Recently, my female budgie has had watery droppings..it happens on occasion but now its getting me really worried. 
Her dropping is greenish (light?) with liquid around it - I can tell because I put a tissue paper at the bottom of the cage to see how liquidy it was (I can post pictures if needed). Shes usually very strong, but since yesterday shes been quiet and Im getting quite worried . I will take her to the vet tomorrow - except I live in Montreal (Canada) and its quite chilly out with the snow - how do you guys suggest I bring her? I don't want her catching a cold or getting worse from cold drafts when I bring her out...Is it safe to take her?
Please let me know - also any opinion is greatly appreciated.

Thank you.

Best Regards


----------



## FaeryBee (May 9, 2011)

*Taking her in to an Avian Vet is your best course of action under the circumstances.

Avian Vets have special training to determine the cause of symptoms resulting from illness or trauma.
When you rely on anyone who has not had training in Avian diagnosis and care, you may be delaying effective treatment. This can prolong suffering that may be avoidable.
The bird will often require a more intense, prolonged treatment with a poorer chance of full recover than it would have if you seek prompt professional diagnosis and treatment at the first sign of illness.
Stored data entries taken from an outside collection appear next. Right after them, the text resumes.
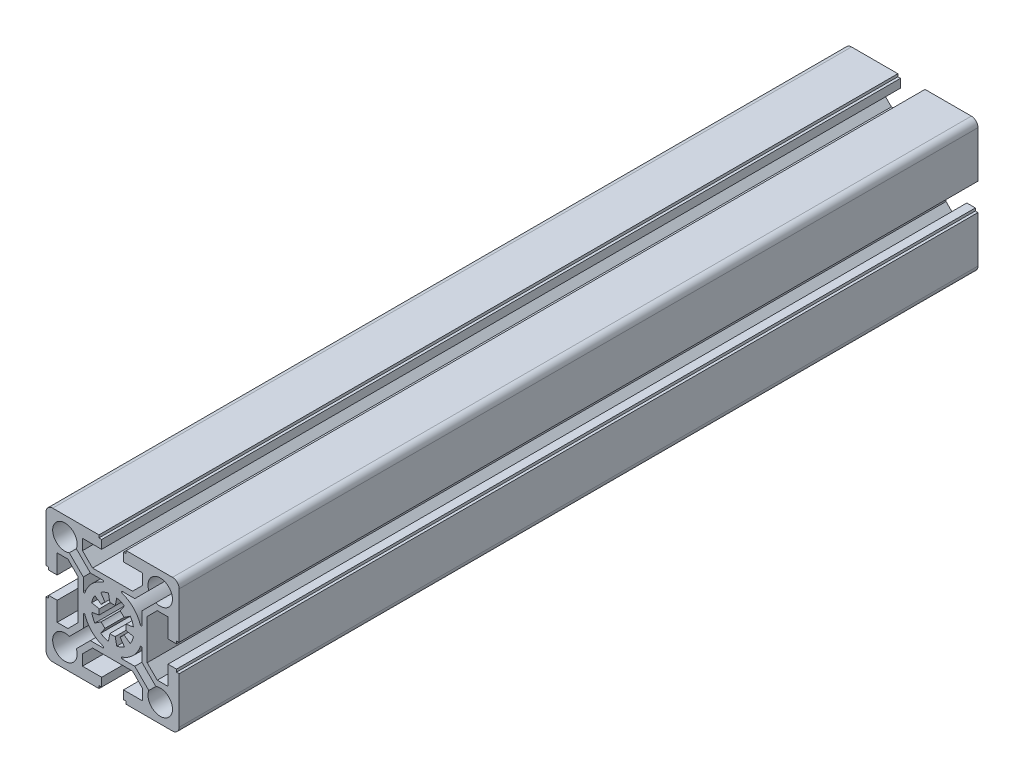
from build123d import *

# Parameters (mm, degrees)
EXTRUDE_1_DEPTH = 150


with BuildPart() as part:
    # Sketch 1 → Extrude 1 (new, symmetric)
    with BuildSketch(Plane.XY):
        with BuildLine():
            Line((-13, 7.519922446), (-13, 0))
            Line((-13, 0), (-13, -7.519922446))
            Line((-13, -7.519922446), (-16.780077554, -11.3))
            Line((-16.780077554, -11.3), (-20.8, -11.3))
            Line((-20.8, -11.3), (-20.8, -4.1))
            Line((-20.8, -4.1), (-24, -4.1))
            Line((-24, -4.1), (-24, -5.1))
            Line((-24, -5.1), (-25, -5.1))
            Line((-25, -5.1), (-25, -22.5))
            ThreePointArc((-25, -22.5), (-24.267766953, -24.267766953), (-22.5, -25))
            Line((-22.5, -25), (-5.1, -25))
            Line((-5.1, -25), (-5.1, -24))
            Line((-5.1, -24), (-4.1, -24))
            Line((-4.1, -24), (-4.1, -20.8))
            Line((-4.1, -20.8), (-11.3, -20.8))
            Line((-11.3, -20.8), (-11.3, -16.780077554))
            Line((-11.3, -16.780077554), (-7.519922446, -13))
            Line((-7.519922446, -13), (0, -13))
            Line((0, -13), (7.519922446, -13))
            Line((7.519922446, -13), (11.3, -16.780077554))
            Line((11.3, -16.780077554), (11.3, -20.8))
            Line((11.3, -20.8), (4.1, -20.8))
            Line((4.1, -20.8), (4.1, -24))
            Line((4.1, -24), (5.1, -24))
            Line((5.1, -24), (5.1, -25))
            Line((5.1, -25), (22.5, -25))
            ThreePointArc((22.5, -25), (24.267766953, -24.267766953), (25, -22.5))
            Line((25, -22.5), (25, -5.1))
            Line((25, -5.1), (24, -5.1))
            Line((24, -5.1), (24, -4.1))
            Line((24, -4.1), (20.8, -4.1))
            Line((20.8, -4.1), (20.8, -11.3))
            Line((20.8, -11.3), (16.780077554, -11.3))
            Line((16.780077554, -11.3), (13, -7.519922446))
            Line((13, -7.519922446), (13, 0))
            Line((13, 0), (13, 7.519922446))
            Line((13, 7.519922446), (16.780077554, 11.3))
            Line((16.780077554, 11.3), (20.8, 11.3))
            Line((20.8, 11.3), (20.8, 4.1))
            Line((20.8, 4.1), (24, 4.1))
            Line((24, 4.1), (24, 5.1))
            Line((24, 5.1), (25, 5.1))
            Line((25, 5.1), (25, 22.5))
            ThreePointArc((25, 22.5), (24.267766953, 24.267766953), (22.5, 25))
            Line((22.5, 25), (5.1, 25))
            Line((5.1, 25), (5.1, 24))
            Line((5.1, 24), (4.1, 24))
            Line((4.1, 24), (4.1, 20.8))
            Line((4.1, 20.8), (11.3, 20.8))
            Line((11.3, 20.8), (11.3, 16.780077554))
            Line((11.3, 16.780077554), (7.519922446, 13))
            Line((7.519922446, 13), (0, 13))
            Line((0, 13), (-7.519922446, 13))
            Line((-7.519922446, 13), (-11.3, 16.780077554))
            Line((-11.3, 16.780077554), (-11.3, 20.8))
            Line((-11.3, 20.8), (-4.1, 20.8))
            Line((-4.1, 20.8), (-4.1, 24))
            Line((-4.1, 24), (-5.1, 24))
            Line((-5.1, 24), (-5.1, 25))
            Line((-5.1, 25), (-22.5, 25))
            ThreePointArc((-22.5, 25), (-24.267766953, 24.267766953), (-25, 22.5))
            Line((-25, 22.5), (-25, 5.1))
            Line((-25, 5.1), (-24, 5.1))
            Line((-24, 5.1), (-24, 4.1))
            Line((-24, 4.1), (-20.8, 4.1))
            Line((-20.8, 4.1), (-20.8, 11.3))
            Line((-20.8, 11.3), (-16.780077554, 11.3))
            Line((-16.780077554, 11.3), (-13, 7.519922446))
        make_face()
        with BuildLine():
            Line((-4.240495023, 2.833408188), (-6.651756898, 4.444561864))
            ThreePointArc((-6.651756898, 4.444561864), (-7.39103626, 3.061467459), (-7.846282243, 1.560722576))
            Line((-7.846282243, 1.560722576), (-5.00200493, 0.994960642))
            ThreePointArc((-5.00200493, 0.994960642), (-5.075442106, 0.499887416), (-5.1, 0))
            ThreePointArc((-5.1, 0), (-5.075442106, -0.499887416), (-5.00200493, -0.994960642))
            Line((-5.00200493, -0.994960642), (-7.846282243, -1.560722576))
            ThreePointArc((-7.846282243, -1.560722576), (-7.39103626, -3.061467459), (-6.651756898, -4.444561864))
            Line((-6.651756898, -4.444561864), (-4.240495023, -2.833408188))
            ThreePointArc((-4.240495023, -2.833408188), (-3.942353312, -3.235405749), (-3.606244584, -3.606244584))
            ThreePointArc((-3.606244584, -3.606244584), (-3.235405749, -3.942353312), (-2.833408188, -4.240495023))
            Line((-2.833408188, -4.240495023), (-4.444561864, -6.651756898))
            ThreePointArc((-4.444561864, -6.651756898), (-3.061467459, -7.39103626), (-1.560722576, -7.846282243))
            Line((-1.560722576, -7.846282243), (-0.994960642, -5.00200493))
            ThreePointArc((-0.994960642, -5.00200493), (-0.499887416, -5.075442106), (0, -5.1))
            ThreePointArc((0, -5.1), (0.499887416, -5.075442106), (0.994960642, -5.00200493))
            Line((0.994960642, -5.00200493), (1.560722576, -7.846282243))
            ThreePointArc((1.560722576, -7.846282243), (3.061467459, -7.39103626), (4.444561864, -6.651756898))
            Line((4.444561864, -6.651756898), (2.833408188, -4.240495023))
            ThreePointArc((2.833408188, -4.240495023), (3.235405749, -3.942353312), (3.606244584, -3.606244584))
            ThreePointArc((3.606244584, -3.606244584), (3.942353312, -3.235405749), (4.240495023, -2.833408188))
            Line((4.240495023, -2.833408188), (6.651756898, -4.444561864))
            ThreePointArc((6.651756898, -4.444561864), (7.39103626, -3.061467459), (7.846282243, -1.560722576))
            Line((7.846282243, -1.560722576), (5.00200493, -0.994960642))
            ThreePointArc((5.00200493, -0.994960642), (5.075442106, -0.499887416), (5.1, 0))
            ThreePointArc((5.1, 0), (5.075442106, 0.499887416), (5.00200493, 0.994960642))
            Line((5.00200493, 0.994960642), (7.846282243, 1.560722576))
            ThreePointArc((7.846282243, 1.560722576), (7.39103626, 3.061467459), (6.651756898, 4.444561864))
            Line((6.651756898, 4.444561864), (4.240495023, 2.833408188))
            ThreePointArc((4.240495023, 2.833408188), (3.942353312, 3.235405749), (3.606244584, 3.606244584))
            ThreePointArc((3.606244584, 3.606244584), (3.235405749, 3.942353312), (2.833408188, 4.240495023))
            Line((2.833408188, 4.240495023), (4.444561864, 6.651756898))
            ThreePointArc((4.444561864, 6.651756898), (3.061467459, 7.39103626), (1.560722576, 7.846282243))
            Line((1.560722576, 7.846282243), (0.994960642, 5.00200493))
            ThreePointArc((0.994960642, 5.00200493), (0.499887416, 5.075442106), (0, 5.1))
            ThreePointArc((0, 5.1), (-0.499887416, 5.075442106), (-0.994960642, 5.00200493))
            Line((-0.994960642, 5.00200493), (-1.560722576, 7.846282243))
            ThreePointArc((-1.560722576, 7.846282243), (-3.061467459, 7.39103626), (-4.444561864, 6.651756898))
            Line((-4.444561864, 6.651756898), (-2.833408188, 4.240495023))
            ThreePointArc((-2.833408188, 4.240495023), (-3.235405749, 3.942353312), (-3.606244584, 3.606244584))
            ThreePointArc((-3.606244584, 3.606244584), (-3.942353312, 3.235405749), (-4.240495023, 2.833408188))
        make_face(mode=Mode.SUBTRACT)
        with BuildLine():
            Line((13.603958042, 16.255608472), (8.348349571, 11))
            Line((8.348349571, 11), (3.633180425, 11))
            ThreePointArc((3.633180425, 11), (3.337189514, 10.74888129), (3.536724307, 10.415929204))
            ThreePointArc((3.536724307, 10.415929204), (7.778174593, 7.778174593), (10.415929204, 3.536724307))
            ThreePointArc((10.415929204, 3.536724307), (10.74888129, 3.337189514), (11, 3.633180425))
            Line((11, 3.633180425), (11, 8.348349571))
            Line((11, 8.348349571), (16.255608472, 13.603958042))
            ThreePointArc((16.255608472, 13.603958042), (21.759080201, 15.396502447), (21.152691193, 21.152691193))
            ThreePointArc((21.152691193, 21.152691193), (15.396502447, 21.759080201), (13.603958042, 16.255608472))
        make_face(mode=Mode.SUBTRACT)
        with BuildLine():
            Line((-16.255608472, 13.603958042), (-11, 8.348349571))
            Line((-11, 8.348349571), (-11, 3.633180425))
            ThreePointArc((-11, 3.633180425), (-10.74888129, 3.337189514), (-10.415929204, 3.536724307))
            ThreePointArc((-10.415929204, 3.536724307), (-7.778174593, 7.778174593), (-3.536724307, 10.415929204))
            ThreePointArc((-3.536724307, 10.415929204), (-3.337189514, 10.74888129), (-3.633180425, 11))
            Line((-3.633180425, 11), (-8.348349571, 11))
            Line((-8.348349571, 11), (-13.603958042, 16.255608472))
            ThreePointArc((-13.603958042, 16.255608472), (-15.396502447, 21.759080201), (-21.152691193, 21.152691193))
            ThreePointArc((-21.152691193, 21.152691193), (-21.759080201, 15.396502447), (-16.255608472, 13.603958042))
        make_face(mode=Mode.SUBTRACT)
        with BuildLine():
            Line((8.348349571, -11), (13.603958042, -16.255608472))
            ThreePointArc((13.603958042, -16.255608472), (15.396502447, -21.759080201), (21.152691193, -21.152691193))
            ThreePointArc((21.152691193, -21.152691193), (21.759080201, -15.396502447), (16.255608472, -13.603958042))
            Line((16.255608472, -13.603958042), (11, -8.348349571))
            Line((11, -8.348349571), (11, -3.633180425))
            ThreePointArc((11, -3.633180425), (10.74888129, -3.337189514), (10.415929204, -3.536724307))
            ThreePointArc((10.415929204, -3.536724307), (7.778174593, -7.778174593), (3.536724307, -10.415929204))
            ThreePointArc((3.536724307, -10.415929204), (3.337189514, -10.74888129), (3.633180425, -11))
            Line((3.633180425, -11), (8.348349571, -11))
        make_face(mode=Mode.SUBTRACT)
        with BuildLine():
            Line((-13.603958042, -16.255608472), (-8.348349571, -11))
            Line((-8.348349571, -11), (-3.633180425, -11))
            ThreePointArc((-3.633180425, -11), (-3.337189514, -10.74888129), (-3.536724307, -10.415929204))
            ThreePointArc((-3.536724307, -10.415929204), (-7.778174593, -7.778174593), (-10.415929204, -3.536724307))
            ThreePointArc((-10.415929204, -3.536724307), (-10.74888129, -3.337189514), (-11, -3.633180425))
            Line((-11, -3.633180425), (-11, -8.348349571))
            Line((-11, -8.348349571), (-16.255608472, -13.603958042))
            ThreePointArc((-16.255608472, -13.603958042), (-21.759080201, -15.396502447), (-21.152691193, -21.152691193))
            ThreePointArc((-21.152691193, -21.152691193), (-15.396502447, -21.759080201), (-13.603958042, -16.255608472))
        make_face(mode=Mode.SUBTRACT)
    extrude(amount=EXTRUDE_1_DEPTH, both=True)


solid = part.part

In the meantime, be sure she is warm. 
You can give her a millet spray soaked in electrolyte solution -- see the link below:

http://talkbudgies.com/articles-bud...uardian-angel-pedialyte-pedialyte-recipe.html

Warm up your car before taking her cage out to it.
Wrap her cage in a couple of large towels or a fleece blanket to take it to the car. Keep the cage covered during transport.
You can heat some water - put it into a bottle wrapped in a small towel and place it in the bottom of her cage to help keep her warm during the trip.

I'm sending lots of healing energy, positive thoughts and prayers for your little budgie.

Please give us an update on your budgie's condition after her appointment with the Avian Vet.*


----------



## Jonah (Feb 3, 2013)

Welcome to the posting side of the forum. Sorry to hear your bird may be ill. Deborah has given you the best advice, keeping warm and hydrated, and to the vet ASAP is really your best course of action. Don't act to stressed out about it around her, she will pick up on that. Keep us posted on her, prayers for her to get a proper diagnosis and correct meds if needed...:hug:


----------



## tipsoul (Dec 30, 2015)

Thank you so kindly for the response, FaeryBee. I will take her to the Avian Vet tomorrow. Keeping my fingers crossed - been so stressed lately !!


----------



## FaeryBee (May 9, 2011)

*You're very welcome and Randy is correct.
Please do try to remain as calm and relaxed around your budgie as possible. 
She will pick up on your emotions so it's important you remain strong and positive for her. :hug:*


----------



## tipsoul (Dec 30, 2015)

You guys are amazing!! Thank you.


----------



## Niamhf (Dec 17, 2013)

Good luck with the vet visit I hope your little friend gets well soon - you are definitely doing the right thing in taking her in it does sound like something is up. I think Debs suggestions re; transporting her there and back are really good. Please keep us posted.


----------



## tipsoul (Dec 30, 2015)

Niamhf said:


> Good luck with the vet visit I hope your little friend gets well soon - you are definitely doing the right thing in taking her in it does sound like something is up. I think Debs suggestions re; transporting her there and back are really good. Please keep us posted.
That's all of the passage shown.